Is this need merely a contingent psychological need? Perhaps some people don’t have it, or perhaps with some effort we might overcome it. But I would argue that the need is tied to desires and feelings that are not optional for a human agent: we must desire our own well-being and the preservation of our ability to pursue our ends; affectively, this is registered as self-love. While self-love can play a troubling role in moral life, causing us to fail to register important goods beyond ourselves, proper self-love plays a crucial role in a good human life. Conditions such as depression and sloth or acedia can mute appetites that normally sustain self-love, and leave the sufferer of these conditions in a condition of apathy or hostility towards themselves. These conditions by degrees paralyze our agency or even turn it against itself. If this is correct, then self-love as a proper response to our value is essential and central to the human good, as it sustains our ability to act toward valued ends.

 

Self-love can ground a need for recognition of our suffering by others. One who loves himself properly sees the value in his undertakings such that when misfortune strikes, only someone who recognizes the damage to those valued pursuits can be said to genuinely grasp the misfortune. Hence, I need from others recognition of the significance of loss; this recognition gives rise to the good of concord in recognizing our value in mutual love. Concord is an Aristotelian notion: a defining feature of friendship that consists in living together, sharing taste, and sharing joys and sorrows; but that form of concord is stronger than the sense I have in mind here, which is formed strictly on the basis of finding value in human agency. Valuing another’s agency involves a sharing in the sorrows and joys of another, at least in a general way. That is, I need not value everyone’s undertakings, but even without doing so, without even knowing what someone’s specific aims in life are, I can register the tragedy of a stranger’s loss of a close friend or family member, and such understanding moves the charitable person to action.
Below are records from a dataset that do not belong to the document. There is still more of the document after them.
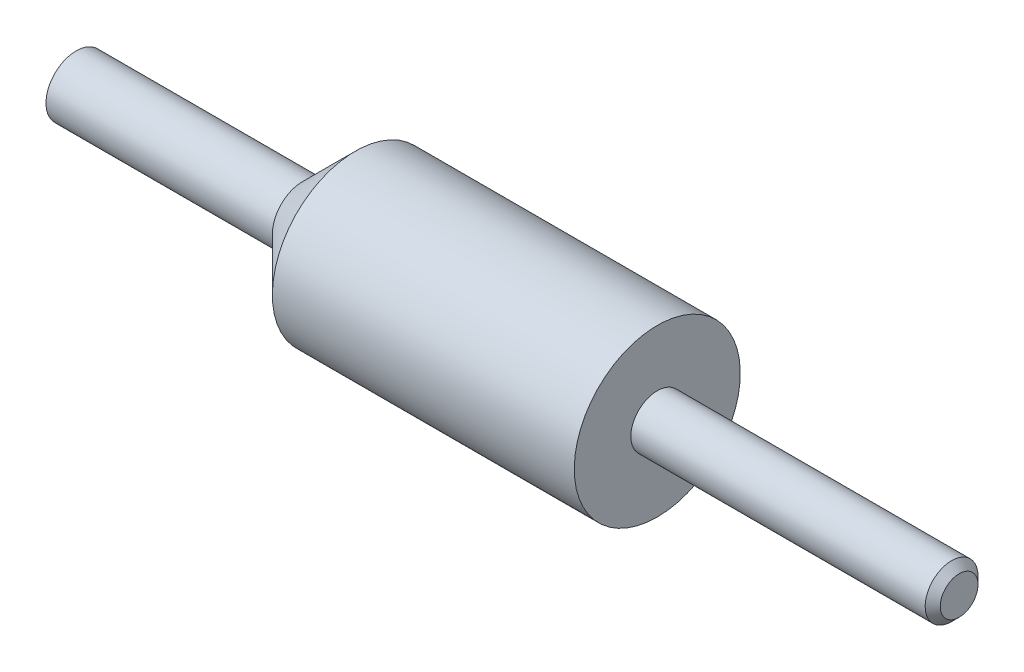
ISO-10303-21;
HEADER;
FILE_DESCRIPTION(('STEP AP214'),'2;1');
FILE_NAME('part.step','',(''),(''),'','','');
FILE_SCHEMA(('AUTOMOTIVE_DESIGN { 1 0 10303 214 1 1 1 1 }'));
ENDSEC;
DATA;
#1=APPLICATION_CONTEXT('core data for automotive mechanical design processes');
#2=APPLICATION_PROTOCOL_DEFINITION('international standard','automotive_design',2000,#1);
#3=PRODUCT_CONTEXT('',#1,'mechanical');
#4=PRODUCT('Part','Part','',(#3));
#5=PRODUCT_RELATED_PRODUCT_CATEGORY('part','',(#4));
#6=PRODUCT_DEFINITION_FORMATION('','',#4);
#7=PRODUCT_DEFINITION_CONTEXT('part definition',#1,'design');
#8=PRODUCT_DEFINITION('design','',#6,#7);
#9=PRODUCT_DEFINITION_SHAPE('','',#8);
#10=(LENGTH_UNIT() NAMED_UNIT(*) SI_UNIT(.MILLI.,.METRE.));
#11=(NAMED_UNIT(*) PLANE_ANGLE_UNIT() SI_UNIT($,.RADIAN.));
#12=(NAMED_UNIT(*) SI_UNIT($,.STERADIAN.) SOLID_ANGLE_UNIT());
#13=UNCERTAINTY_MEASURE_WITH_UNIT(LENGTH_MEASURE(1.E-05),#10,'distance_accuracy_value','');
#14=(GEOMETRIC_REPRESENTATION_CONTEXT(3) GLOBAL_UNCERTAINTY_ASSIGNED_CONTEXT((#13)) GLOBAL_UNIT_ASSIGNED_CONTEXT((#10,
#11,#12)) REPRESENTATION_CONTEXT('',''));
#15=CARTESIAN_POINT('',(0.,0.,0.));
#16=DIRECTION('',(0.,0.,1.));
#17=DIRECTION('',(1.,0.,0.));
#18=AXIS2_PLACEMENT_3D('',#15,#16,#17);
#19=CARTESIAN_POINT('',(-58.5,2.,0.));
#20=DIRECTION('',(1.,0.,0.));
#21=DIRECTION('',(0.,1.,0.));
#22=AXIS2_PLACEMENT_3D('',#19,#20,#21);
#23=PLANE('',#22);
#24=CARTESIAN_POINT('',(-58.5,0.,0.));
#25=DIRECTION('',(-1.,0.,0.));
#26=DIRECTION('',(0.,-1.,0.));
#27=AXIS2_PLACEMENT_3D('',#24,#25,#26);
#28=CIRCLE('',#27,2.);
#29=CARTESIAN_POINT('',(-58.5,-2.,0.));
#30=VERTEX_POINT('',#29);
#31=EDGE_CURVE('E72',#30,#30,#28,.T.);
#32=ORIENTED_EDGE('',*,*,#31,.T.);
#33=EDGE_LOOP('',(#32));
#34=FACE_BOUND('',#33,.T.);
#35=ADVANCED_FACE('F45',(#34),#23,.F.);
#36=CARTESIAN_POINT('',(0.,0.,0.));
#37=DIRECTION('',(-1.,0.,0.));
#38=DIRECTION('',(0.,-1.,0.));
#39=AXIS2_PLACEMENT_3D('',#36,#37,#38);
#40=PLANE('',#39);
#41=CARTESIAN_POINT('',(0.,0.,0.));
#42=DIRECTION('',(-1.,0.,0.));
#43=DIRECTION('',(0.,-1.,0.));
#44=AXIS2_PLACEMENT_3D('',#41,#42,#43);
#45=CIRCLE('',#44,1.25);
#46=CARTESIAN_POINT('',(0.,-1.25,0.));
#47=VERTEX_POINT('',#46);
#48=EDGE_CURVE('E10',#47,#47,#45,.F.);
#49=ORIENTED_EDGE('',*,*,#48,.T.);
#50=EDGE_LOOP('',(#49));
#51=FACE_BOUND('',#50,.T.);
#52=ADVANCED_FACE('F103',(#51),#40,.F.);
#53=CARTESIAN_POINT('',(-58.5,0.,0.));
#54=DIRECTION('',(-1.,0.,0.));
#55=DIRECTION('',(0.,-1.,0.));
#56=AXIS2_PLACEMENT_3D('',#53,#54,#55);
#57=CYLINDRICAL_SURFACE('',#56,1.75);
#58=CARTESIAN_POINT('',(-0.5,0.,0.));
#59=DIRECTION('',(-1.,0.,0.));
#60=DIRECTION('',(0.,-1.,0.));
#61=AXIS2_PLACEMENT_3D('',#58,#59,#60);
#62=CIRCLE('',#61,1.75);
#63=CARTESIAN_POINT('',(-0.5,-1.75,0.));
#64=VERTEX_POINT('',#63);
#65=EDGE_CURVE('E53',#64,#64,#62,.T.);
#66=ORIENTED_EDGE('',*,*,#65,.T.);
#67=EDGE_LOOP('',(#66));
#68=FACE_BOUND('',#67,.T.);
#69=CARTESIAN_POINT('',(-20.,0.,0.));
#70=DIRECTION('',(-1.,0.,0.));
#71=DIRECTION('',(0.,-1.,0.));
#72=AXIS2_PLACEMENT_3D('',#69,#70,#71);
#73=CIRCLE('',#72,1.75);
#74=CARTESIAN_POINT('',(-20.,-1.75,0.));
#75=VERTEX_POINT('',#74);
#76=EDGE_CURVE('E57',#75,#75,#73,.T.);
#77=ORIENTED_EDGE('',*,*,#76,.F.);
#78=EDGE_LOOP('',(#77));
#79=FACE_BOUND('',#78,.T.);
#80=ADVANCED_FACE('F98',(#68,#79),#57,.T.);
#81=CARTESIAN_POINT('',(-20.,1.75,0.));
#82=DIRECTION('',(-1.,0.,0.));
#83=DIRECTION('',(0.,-1.,0.));
#84=AXIS2_PLACEMENT_3D('',#81,#82,#83);
#85=PLANE('',#84);
#86=CARTESIAN_POINT('',(-20.,0.,0.));
#87=DIRECTION('',(-1.,0.,0.));
#88=DIRECTION('',(0.,-1.,0.));
#89=AXIS2_PLACEMENT_3D('',#86,#87,#88);
#90=CIRCLE('',#89,5.5);
#91=CARTESIAN_POINT('',(-20.,-5.5,0.));
#92=VERTEX_POINT('',#91);
#93=EDGE_CURVE('E61',#92,#92,#90,.T.);
#94=ORIENTED_EDGE('',*,*,#93,.F.);
#95=EDGE_LOOP('',(#94));
#96=FACE_BOUND('',#95,.T.);
#97=ORIENTED_EDGE('',*,*,#76,.T.);
#98=EDGE_LOOP('',(#97));
#99=FACE_BOUND('',#98,.T.);
#100=ADVANCED_FACE('F92',(#96,#99),#85,.F.);
#101=CARTESIAN_POINT('',(-58.5,0.,0.));
#102=DIRECTION('',(-1.,0.,0.));
#103=DIRECTION('',(0.,-1.,0.));
#104=AXIS2_PLACEMENT_3D('',#101,#102,#103);
#105=CYLINDRICAL_SURFACE('',#104,5.5);
#106=CARTESIAN_POINT('',(-40.,0.,0.));
#107=DIRECTION('',(-1.,0.,0.));
#108=DIRECTION('',(0.,-1.,0.));
#109=AXIS2_PLACEMENT_3D('',#106,#107,#108);
#110=CIRCLE('',#109,5.5);
#111=CARTESIAN_POINT('',(-40.,-5.5,0.));
#112=VERTEX_POINT('',#111);
#113=EDGE_CURVE('E66',#112,#112,#110,.T.);
#114=ORIENTED_EDGE('',*,*,#113,.F.);
#115=EDGE_LOOP('',(#114));
#116=FACE_BOUND('',#115,.T.);
#117=ORIENTED_EDGE('',*,*,#93,.T.);
#118=EDGE_LOOP('',(#117));
#119=FACE_BOUND('',#118,.T.);
#120=ADVANCED_FACE('F86',(#116,#119),#105,.T.);
#121=CARTESIAN_POINT('',(-40.,0.,0.));
#122=DIRECTION('',(1.,0.,0.));
#123=DIRECTION('',(0.,1.,0.));
#124=AXIS2_PLACEMENT_3D('',#121,#122,#123);
#125=CONICAL_SURFACE('',#124,5.5,0.78539816339745);
#126=CARTESIAN_POINT('',(-43.5,0.,0.));
#127=DIRECTION('',(-1.,0.,0.));
#128=DIRECTION('',(0.,-1.,0.));
#129=AXIS2_PLACEMENT_3D('',#126,#127,#128);
#130=CIRCLE('',#129,2.);
#131=CARTESIAN_POINT('',(-43.5,-2.,0.));
#132=VERTEX_POINT('',#131);
#133=EDGE_CURVE('E69',#132,#132,#130,.T.);
#134=ORIENTED_EDGE('',*,*,#133,.F.);
#135=EDGE_LOOP('',(#134));
#136=FACE_BOUND('',#135,.T.);
#137=ORIENTED_EDGE('',*,*,#113,.T.);
#138=EDGE_LOOP('',(#137));
#139=FACE_BOUND('',#138,.T.);
#140=ADVANCED_FACE('F80',(#136,#139),#125,.T.);
#141=CARTESIAN_POINT('',(-58.5,0.,0.));
#142=DIRECTION('',(-1.,0.,0.));
#143=DIRECTION('',(0.,-1.,0.));
#144=AXIS2_PLACEMENT_3D('',#141,#142,#143);
#145=CYLINDRICAL_SURFACE('',#144,2.);
#146=ORIENTED_EDGE('',*,*,#31,.F.);
#147=EDGE_LOOP('',(#146));
#148=FACE_BOUND('',#147,.T.);
#149=ORIENTED_EDGE('',*,*,#133,.T.);
#150=EDGE_LOOP('',(#149));
#151=FACE_BOUND('',#150,.T.);
#152=ADVANCED_FACE('F77',(#148,#151),#145,.T.);
#153=CARTESIAN_POINT('',(-0.5,0.,0.));
#154=DIRECTION('',(-1.,0.,0.));
#155=DIRECTION('',(0.,-1.,0.));
#156=AXIS2_PLACEMENT_3D('',#153,#154,#155);
#157=CONICAL_SURFACE('',#156,1.75,0.785398163397446);
#158=ORIENTED_EDGE('',*,*,#48,.F.);
#159=EDGE_LOOP('',(#158));
#160=FACE_BOUND('',#159,.T.);
#161=ORIENTED_EDGE('',*,*,#65,.F.);
#162=EDGE_LOOP('',(#161));
#163=FACE_BOUND('',#162,.T.);
#164=ADVANCED_FACE('F48',(#160,#163),#157,.T.);
#165=CLOSED_SHELL('',(#35,#52,#80,#100,#120,#140,#152,#164));
#166=MANIFOLD_SOLID_BREP('B2',#165);
#167=ADVANCED_BREP_SHAPE_REPRESENTATION('',(#18,#166),#14);
#168=SHAPE_DEFINITION_REPRESENTATION(#9,#167);
ENDSEC;
END-ISO-10303-21;

This concord holds us together as a kind in an affective and practical sense, and gives our humanity an important moral sense: we recognize in other human beings distinctive capacities for loss and joy that brings out a distinctive, and distinctively valuable sort of love from us, and this love is an analogue, I believe, to Aquinas’ charity.

 

On this view then, lacking the quality of responding to the suffering of others with kindness is a defect in a human being: in its absence, we cannot enjoy this great good which consists of concord concerning our value as human beings. Conversely, possessing this quality makes us good qua human, and this argument gives us reason to think that charity, so understood, is indeed a virtue.


John Hacker-Wright is Associate Professor in the Department of Philosophy at the University of Guelph in Guelph, Ontario, and Editor in Chief of The Journal of Value Inquiry.